Only one stretch of the records below is wanted: the lines from the one holding "#37=LINE('',#36,#35);" through the one holding "#101=VERTEX_POINT('',#100);". Return it exactly, both ends included.

***** RECORDS FOR THE EXERCISE

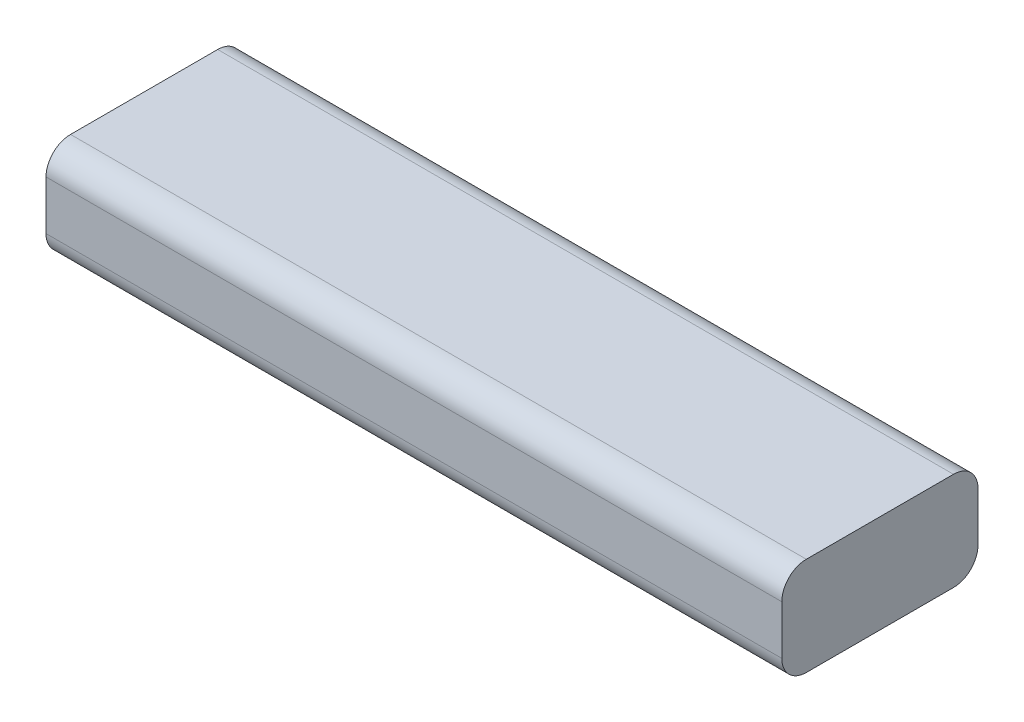
ISO-10303-21;
HEADER;
FILE_DESCRIPTION(('STEP AP214'),'2;1');
FILE_NAME('part.step','',(''),(''),'','','');
FILE_SCHEMA(('AUTOMOTIVE_DESIGN { 1 0 10303 214 1 1 1 1 }'));
ENDSEC;
DATA;
#1=APPLICATION_CONTEXT('core data for automotive mechanical design processes');
#2=APPLICATION_PROTOCOL_DEFINITION('international standard','automotive_design',2000,#1);
#3=PRODUCT_CONTEXT('',#1,'mechanical');
#4=PRODUCT('Part','Part','',(#3));
#5=PRODUCT_RELATED_PRODUCT_CATEGORY('part','',(#4));
#6=PRODUCT_DEFINITION_FORMATION('','',#4);
#7=PRODUCT_DEFINITION_CONTEXT('part definition',#1,'design');
#8=PRODUCT_DEFINITION('design','',#6,#7);
#9=PRODUCT_DEFINITION_SHAPE('','',#8);
#10=(LENGTH_UNIT() NAMED_UNIT(*) SI_UNIT(.MILLI.,.METRE.));
#11=(NAMED_UNIT(*) PLANE_ANGLE_UNIT() SI_UNIT($,.RADIAN.));
#12=(NAMED_UNIT(*) SI_UNIT($,.STERADIAN.) SOLID_ANGLE_UNIT());
#13=UNCERTAINTY_MEASURE_WITH_UNIT(LENGTH_MEASURE(1.E-05),#10,'distance_accuracy_value','');
#14=(GEOMETRIC_REPRESENTATION_CONTEXT(3) GLOBAL_UNCERTAINTY_ASSIGNED_CONTEXT((#13)) GLOBAL_UNIT_ASSIGNED_CONTEXT((#10,
#11,#12)) REPRESENTATION_CONTEXT('',''));
#15=CARTESIAN_POINT('',(0.,0.,0.));
#16=DIRECTION('',(0.,0.,1.));
#17=DIRECTION('',(1.,0.,0.));
#18=AXIS2_PLACEMENT_3D('',#15,#16,#17);
#19=CARTESIAN_POINT('',(70.,6.,-15.));
#20=DIRECTION('',(1.,0.,0.));
#21=DIRECTION('',(0.,0.,-1.));
#22=AXIS2_PLACEMENT_3D('',#19,#20,#21);
#23=PLANE('',#22);
#24=DIRECTION('',(0.,0.,1.));
#25=VECTOR('',#24,1.);
#26=CARTESIAN_POINT('',(70.,0.999999999999999,-15.));
#27=LINE('',#26,#25);
#28=CARTESIAN_POINT('',(70.,0.999999999999999,-15.));
#29=VERTEX_POINT('',#28);
#30=CARTESIAN_POINT('',(70.,0.999999999999999,15.));
#31=VERTEX_POINT('',#30);
#32=EDGE_CURVE('E138',#29,#31,#27,.T.);
#33=ORIENTED_EDGE('',*,*,#32,.T.);
#34=DIRECTION('',(0.,-1.,0.));
#35=VECTOR('',#34,1.);
#36=CARTESIAN_POINT('',(70.,6.,15.));
#37=LINE('',#36,#35);
#38=CARTESIAN_POINT('',(70.,6.,15.));
#39=VERTEX_POINT('',#38);
#40=EDGE_CURVE('E132',#39,#31,#37,.T.);
#41=ORIENTED_EDGE('',*,*,#40,.F.);
#42=DIRECTION('',(0.,0.,1.));
#43=VECTOR('',#42,1.);
#44=CARTESIAN_POINT('',(70.,6.,-15.));
#45=LINE('',#44,#43);
#46=CARTESIAN_POINT('',(70.,6.,-15.));
#47=VERTEX_POINT('',#46);
#48=EDGE_CURVE('E135',#47,#39,#45,.T.);
#49=ORIENTED_EDGE('',*,*,#48,.F.);
#50=DIRECTION('',(0.,-1.,0.));
#51=VECTOR('',#50,1.);
#52=CARTESIAN_POINT('',(70.,6.,-15.));
#53=LINE('',#52,#51);
#54=EDGE_CURVE('E181',#47,#29,#53,.T.);
#55=ORIENTED_EDGE('',*,*,#54,.T.);
#56=EDGE_LOOP('',(#33,#41,#49,#55));
#57=FACE_BOUND('',#56,.T.);
#58=ADVANCED_FACE('F39',(#57),#23,.F.);
#59=CARTESIAN_POINT('',(70.,6.,-15.));
#60=DIRECTION('',(0.,0.,-1.));
#61=DIRECTION('',(-1.,0.,0.));
#62=AXIS2_PLACEMENT_3D('',#59,#60,#61);
#63=PLANE('',#62);
#64=DIRECTION('',(1.,0.,0.));
#65=VECTOR('',#64,1.);
#66=CARTESIAN_POINT('',(70.,0.999999999999999,-15.));
#67=LINE('',#66,#65);
#68=CARTESIAN_POINT('',(40.,0.999999999999999,-15.));
#69=VERTEX_POINT('',#68);
#70=EDGE_CURVE('E158',#69,#29,#67,.T.);
#71=ORIENTED_EDGE('',*,*,#70,.T.);
#72=ORIENTED_EDGE('',*,*,#54,.F.);
#73=DIRECTION('',(1.,0.,0.));
#74=VECTOR('',#73,1.);
#75=CARTESIAN_POINT('',(70.,6.,-15.));
#76=LINE('',#75,#74);
#77=CARTESIAN_POINT('',(40.,6.,-15.));
#78=VERTEX_POINT('',#77);
#79=EDGE_CURVE('E144',#78,#47,#76,.T.);
#80=ORIENTED_EDGE('',*,*,#79,.F.);
#81=DIRECTION('',(0.,-1.,0.));
#82=VECTOR('',#81,1.);
#83=CARTESIAN_POINT('',(40.,6.,-15.));
#84=LINE('',#83,#82);
#85=EDGE_CURVE('E185',#78,#69,#84,.T.);
#86=ORIENTED_EDGE('',*,*,#85,.T.);
#87=EDGE_LOOP('',(#71,#72,#80,#86));
#88=FACE_BOUND('',#87,.T.);
#89=ADVANCED_FACE('F309',(#88),#63,.F.);
#90=CARTESIAN_POINT('',(40.,6.,-15.));
#91=DIRECTION('',(-1.,0.,0.));
#92=DIRECTION('',(0.,0.,1.));
#93=AXIS2_PLACEMENT_3D('',#90,#91,#92);
#94=PLANE('',#93);
#95=CARTESIAN_POINT('',(40.,3.5,12.));
#96=DIRECTION('',(-1.,0.,0.));
#97=DIRECTION('',(0.,0.,1.));
#98=AXIS2_PLACEMENT_3D('',#95,#96,#97);
#99=CIRCLE('',#98,2.);
#100=CARTESIAN_POINT('',(40.,3.5,14.));
#101=VERTEX_POINT('',#100);
#102=EDGE_CURVE('E175',#101,#101,#99,.T.);
#103=ORIENTED_EDGE('',*,*,#102,.T.);
#104=EDGE_LOOP('',(#103));
#105=FACE_BOUND('',#104,.T.);
#106=DIRECTION('',(0.,0.,-1.));
#107=VECTOR('',#106,1.);
#108=CARTESIAN_POINT('',(40.,0.999999999999999,-15.));
#109=LINE('',#108,#107);
#110=CARTESIAN_POINT('',(40.,0.999999999999999,15.));
#111=VERTEX_POINT('',#110);
#112=EDGE_CURVE('E162',#111,#69,#109,.T.);
#113=ORIENTED_EDGE('',*,*,#112,.T.);
#114=ORIENTED_EDGE('',*,*,#85,.F.);
#115=DIRECTION('',(0.,0.,-1.));
#116=VECTOR('',#115,1.);
#117=CARTESIAN_POINT('',(40.,6.,-15.));
#118=LINE('',#117,#116);
#119=CARTESIAN_POINT('',(40.,6.,15.));
#120=VERTEX_POINT('',#119);
#121=EDGE_CURVE('E153',#120,#78,#118,.T.);
#122=ORIENTED_EDGE('',*,*,#121,.F.);
#123=DIRECTION('',(0.,-1.,0.));
#124=VECTOR('',#123,1.);
#125=CARTESIAN_POINT('',(40.,6.,15.));
#126=LINE('',#125,#124);
#127=EDGE_CURVE('E143',#120,#111,#126,.T.);
#128=ORIENTED_EDGE('',*,*,#127,.T.);
#129=EDGE_LOOP('',(#113,#114,#122,#128));
#130=FACE_BOUND('',#129,.T.);
#131=ADVANCED_FACE('F314',(#105,#130),#94,.F.);
#132=CARTESIAN_POINT('',(70.,6.,15.));
#133=DIRECTION('',(0.,0.,1.));
#134=DIRECTION('',(1.,0.,0.));
#135=AXIS2_PLACEMENT_3D('',#132,#133,#134);
#136=PLANE('',#135);
#137=DIRECTION('',(-1.,0.,0.));
#138=VECTOR('',#137,1.);
#139=CARTESIAN_POINT('',(70.,0.999999999999999,15.));
#140=LINE('',#139,#138);
#141=EDGE_CURVE('E174',#31,#111,#140,.T.);
#142=ORIENTED_EDGE('',*,*,#141,.T.);
#143=ORIENTED_EDGE('',*,*,#127,.F.);
#144=DIRECTION('',(-1.,0.,0.));
#145=VECTOR('',#144,1.);
#146=CARTESIAN_POINT('',(70.,6.,15.));
#147=LINE('',#146,#145);
#148=EDGE_CURVE('E147',#39,#120,#147,.T.);
#149=ORIENTED_EDGE('',*,*,#148,.F.);
#150=ORIENTED_EDGE('',*,*,#40,.T.);
#151=EDGE_LOOP('',(#142,#143,#149,#150));
#152=FACE_BOUND('',#151,.T.);
#153=ADVANCED_FACE('F148',(#152),#136,.F.);
#154=CARTESIAN_POINT('',(0.,6.,0.));
#155=DIRECTION('',(0.,-1.,0.));
#156=DIRECTION('',(0.,0.,-1.));
#157=AXIS2_PLACEMENT_3D('',#154,#155,#156);
#158=PLANE('',#157);
#159=ORIENTED_EDGE('',*,*,#48,.T.);
#160=ORIENTED_EDGE('',*,*,#148,.T.);
#161=ORIENTED_EDGE('',*,*,#121,.T.);
#162=ORIENTED_EDGE('',*,*,#79,.T.);
#163=EDGE_LOOP('',(#159,#160,#161,#162));
#164=FACE_BOUND('',#163,.T.);
#165=ADVANCED_FACE('F155',(#164),#158,.T.);
#166=CARTESIAN_POINT('',(0.,0.999999999999999,0.));
#167=DIRECTION('',(0.,-1.,0.));
#168=DIRECTION('',(0.,0.,-1.));
#169=AXIS2_PLACEMENT_3D('',#166,#167,#168);
#170=PLANE('',#169);
#171=ORIENTED_EDGE('',*,*,#32,.F.);
#172=ORIENTED_EDGE('',*,*,#70,.F.);
#173=ORIENTED_EDGE('',*,*,#112,.F.);
#174=ORIENTED_EDGE('',*,*,#141,.F.);
#175=EDGE_LOOP('',(#171,#172,#173,#174));
#176=FACE_BOUND('',#175,.T.);
#177=ADVANCED_FACE('F360',(#176),#170,.F.);
#178=CARTESIAN_POINT('',(65.,3.5,12.));
#179=DIRECTION('',(-1.,0.,0.));
#180=DIRECTION('',(0.,0.,1.));
#181=AXIS2_PLACEMENT_3D('',#178,#179,#180);
#182=CYLINDRICAL_SURFACE('',#181,2.);
#183=CARTESIAN_POINT('',(-75.,3.5,12.));
#184=DIRECTION('',(-1.,0.,0.));
#185=DIRECTION('',(0.,0.,1.));
#186=AXIS2_PLACEMENT_3D('',#183,#184,#185);
#187=CIRCLE('',#186,2.);
#188=CARTESIAN_POINT('',(-75.,3.5,14.));
#189=VERTEX_POINT('',#188);
#190=EDGE_CURVE('E165',#189,#189,#187,.T.);
#191=ORIENTED_EDGE('',*,*,#190,.T.);
#192=EDGE_LOOP('',(#191));
#193=FACE_BOUND('',#192,.T.);
#194=ORIENTED_EDGE('',*,*,#102,.F.);
#195=EDGE_LOOP('',(#194));
#196=FACE_BOUND('',#195,.T.);
#197=ADVANCED_FACE('F357',(#193,#196),#182,.F.);
#198=CARTESIAN_POINT('',(-75.,20.,-20.));
#199=DIRECTION('',(1.,0.,0.));
#200=DIRECTION('',(0.,0.,-1.));
#201=AXIS2_PLACEMENT_3D('',#198,#199,#200);
#202=PLANE('',#201);
#203=CARTESIAN_POINT('',(-75.,10.,0.));
#204=DIRECTION('',(-1.,0.,0.));
#205=DIRECTION('',(0.,0.,1.));
#206=AXIS2_PLACEMENT_3D('',#203,#204,#205);
#207=CIRCLE('',#206,2.);
#208=CARTESIAN_POINT('',(-75.,10.,2.00000000000002));
#209=VERTEX_POINT('',#208);
#210=EDGE_CURVE('E491',#209,#209,#207,.T.);
#211=ORIENTED_EDGE('',*,*,#210,.F.);
#212=EDGE_LOOP('',(#211));
#213=FACE_BOUND('',#212,.T.);
#214=ORIENTED_EDGE('',*,*,#190,.F.);
#215=EDGE_LOOP('',(#214));
#216=FACE_BOUND('',#215,.T.);
#217=DIRECTION('',(0.,-1.,0.));
#218=VECTOR('',#217,1.);
#219=CARTESIAN_POINT('',(-75.,20.,-20.));
#220=LINE('',#219,#218);
#221=CARTESIAN_POINT('',(-75.,15.,-20.));
#222=VERTEX_POINT('',#221);
#223=CARTESIAN_POINT('',(-75.,5.,-20.));
#224=VERTEX_POINT('',#223);
#225=EDGE_CURVE('E199',#222,#224,#220,.T.);
#226=ORIENTED_EDGE('',*,*,#225,.T.);
#227=CARTESIAN_POINT('',(-75.,5.,-15.));
#228=DIRECTION('',(1.,0.,0.));
#229=DIRECTION('',(0.,0.,-1.));
#230=AXIS2_PLACEMENT_3D('',#227,#228,#229);
#231=CIRCLE('',#230,5.);
#232=CARTESIAN_POINT('',(-75.,0.,-15.));
#233=VERTEX_POINT('',#232);
#234=EDGE_CURVE('E239',#224,#233,#231,.F.);
#235=ORIENTED_EDGE('',*,*,#234,.T.);
#236=DIRECTION('',(0.,0.,1.));
#237=VECTOR('',#236,1.);
#238=CARTESIAN_POINT('',(-75.,0.,-20.));
#239=LINE('',#238,#237);
#240=CARTESIAN_POINT('',(-75.,0.,15.));
#241=VERTEX_POINT('',#240);
#242=EDGE_CURVE('E184',#233,#241,#239,.T.);
#243=ORIENTED_EDGE('',*,*,#242,.T.);
#244=CARTESIAN_POINT('',(-75.,5.,15.));
#245=DIRECTION('',(1.,0.,0.));
#246=DIRECTION('',(0.,0.,-1.));
#247=AXIS2_PLACEMENT_3D('',#244,#245,#246);
#248=CIRCLE('',#247,5.);
#249=CARTESIAN_POINT('',(-75.,5.,20.));
#250=VERTEX_POINT('',#249);
#251=EDGE_CURVE('E236',#241,#250,#248,.F.);
#252=ORIENTED_EDGE('',*,*,#251,.T.);
#253=DIRECTION('',(0.,-1.,0.));
#254=VECTOR('',#253,1.);
#255=CARTESIAN_POINT('',(-75.,20.,20.));
#256=LINE('',#255,#254);
#257=CARTESIAN_POINT('',(-75.,15.,20.));
#258=VERTEX_POINT('',#257);
#259=EDGE_CURVE('E216',#258,#250,#256,.T.);
#260=ORIENTED_EDGE('',*,*,#259,.F.);
#261=CARTESIAN_POINT('',(-75.,15.,15.));
#262=DIRECTION('',(1.,0.,0.));
#263=DIRECTION('',(0.,0.,-1.));
#264=AXIS2_PLACEMENT_3D('',#261,#262,#263);
#265=CIRCLE('',#264,5.);
#266=CARTESIAN_POINT('',(-75.,20.,15.));
#267=VERTEX_POINT('',#266);
#268=EDGE_CURVE('E230',#258,#267,#265,.F.);
#269=ORIENTED_EDGE('',*,*,#268,.T.);
#270=DIRECTION('',(0.,0.,1.));
#271=VECTOR('',#270,1.);
#272=CARTESIAN_POINT('',(-75.,20.,-20.));
#273=LINE('',#272,#271);
#274=CARTESIAN_POINT('',(-75.,20.,-15.));
#275=VERTEX_POINT('',#274);
#276=EDGE_CURVE('E190',#275,#267,#273,.T.);
#277=ORIENTED_EDGE('',*,*,#276,.F.);
#278=CARTESIAN_POINT('',(-75.,15.,-15.));
#279=DIRECTION('',(1.,0.,0.));
#280=DIRECTION('',(0.,0.,-1.));
#281=AXIS2_PLACEMENT_3D('',#278,#279,#280);
#282=CIRCLE('',#281,5.);
#283=EDGE_CURVE('E233',#275,#222,#282,.F.);
#284=ORIENTED_EDGE('',*,*,#283,.T.);
#285=EDGE_LOOP('',(#226,#235,#243,#252,#260,#269,#277,#284));
#286=FACE_BOUND('',#285,.T.);
#287=ADVANCED_FACE('F280',(#213,#216,#286),#202,.F.);
#288=CARTESIAN_POINT('',(-75.,20.,20.));
#289=DIRECTION('',(0.,0.,-1.));
#290=DIRECTION('',(-1.,0.,0.));
#291=AXIS2_PLACEMENT_3D('',#288,#289,#290);
#292=PLANE('',#291);
#293=ORIENTED_EDGE('',*,*,#259,.T.);
#294=DIRECTION('',(1.,0.,0.));
#295=VECTOR('',#294,1.);
#296=CARTESIAN_POINT('',(-75.,5.,20.));
#297=LINE('',#296,#295);
#298=CARTESIAN_POINT('',(75.,5.,20.));
#299=VERTEX_POINT('',#298);
#300=EDGE_CURVE('E261',#250,#299,#297,.T.);
#301=ORIENTED_EDGE('',*,*,#300,.T.);
#302=DIRECTION('',(0.,-1.,0.));
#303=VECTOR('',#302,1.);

**********

RESPONSE TO THE EXERCISE:
#37=LINE('',#36,#35);
#38=CARTESIAN_POINT('',(70.,6.,15.));
#39=VERTEX_POINT('',#38);
#40=EDGE_CURVE('E132',#39,#31,#37,.T.);
#41=ORIENTED_EDGE('',*,*,#40,.F.);
#42=DIRECTION('',(0.,0.,1.));
#43=VECTOR('',#42,1.);
#44=CARTESIAN_POINT('',(70.,6.,-15.));
#45=LINE('',#44,#43);
#46=CARTESIAN_POINT('',(70.,6.,-15.));
#47=VERTEX_POINT('',#46);
#48=EDGE_CURVE('E135',#47,#39,#45,.T.);
#49=ORIENTED_EDGE('',*,*,#48,.F.);
#50=DIRECTION('',(0.,-1.,0.));
#51=VECTOR('',#50,1.);
#52=CARTESIAN_POINT('',(70.,6.,-15.));
#53=LINE('',#52,#51);
#54=EDGE_CURVE('E181',#47,#29,#53,.T.);
#55=ORIENTED_EDGE('',*,*,#54,.T.);
#56=EDGE_LOOP('',(#33,#41,#49,#55));
#57=FACE_BOUND('',#56,.T.);
#58=ADVANCED_FACE('F39',(#57),#23,.F.);
#59=CARTESIAN_POINT('',(70.,6.,-15.));
#60=DIRECTION('',(0.,0.,-1.));
#61=DIRECTION('',(-1.,0.,0.));
#62=AXIS2_PLACEMENT_3D('',#59,#60,#61);
#63=PLANE('',#62);
#64=DIRECTION('',(1.,0.,0.));
#65=VECTOR('',#64,1.);
#66=CARTESIAN_POINT('',(70.,0.999999999999999,-15.));
#67=LINE('',#66,#65);
#68=CARTESIAN_POINT('',(40.,0.999999999999999,-15.));
#69=VERTEX_POINT('',#68);
#70=EDGE_CURVE('E158',#69,#29,#67,.T.);
#71=ORIENTED_EDGE('',*,*,#70,.T.);
#72=ORIENTED_EDGE('',*,*,#54,.F.);
#73=DIRECTION('',(1.,0.,0.));
#74=VECTOR('',#73,1.);
#75=CARTESIAN_POINT('',(70.,6.,-15.));
#76=LINE('',#75,#74);
#77=CARTESIAN_POINT('',(40.,6.,-15.));
#78=VERTEX_POINT('',#77);
#79=EDGE_CURVE('E144',#78,#47,#76,.T.);
#80=ORIENTED_EDGE('',*,*,#79,.F.);
#81=DIRECTION('',(0.,-1.,0.));
#82=VECTOR('',#81,1.);
#83=CARTESIAN_POINT('',(40.,6.,-15.));
#84=LINE('',#83,#82);
#85=EDGE_CURVE('E185',#78,#69,#84,.T.);
#86=ORIENTED_EDGE('',*,*,#85,.T.);
#87=EDGE_LOOP('',(#71,#72,#80,#86));
#88=FACE_BOUND('',#87,.T.);
#89=ADVANCED_FACE('F309',(#88),#63,.F.);
#90=CARTESIAN_POINT('',(40.,6.,-15.));
#91=DIRECTION('',(-1.,0.,0.));
#92=DIRECTION('',(0.,0.,1.));
#93=AXIS2_PLACEMENT_3D('',#90,#91,#92);
#94=PLANE('',#93);
#95=CARTESIAN_POINT('',(40.,3.5,12.));
#96=DIRECTION('',(-1.,0.,0.));
#97=DIRECTION('',(0.,0.,1.));
#98=AXIS2_PLACEMENT_3D('',#95,#96,#97);
#99=CIRCLE('',#98,2.);
#100=CARTESIAN_POINT('',(40.,3.5,14.));
#101=VERTEX_POINT('',#100);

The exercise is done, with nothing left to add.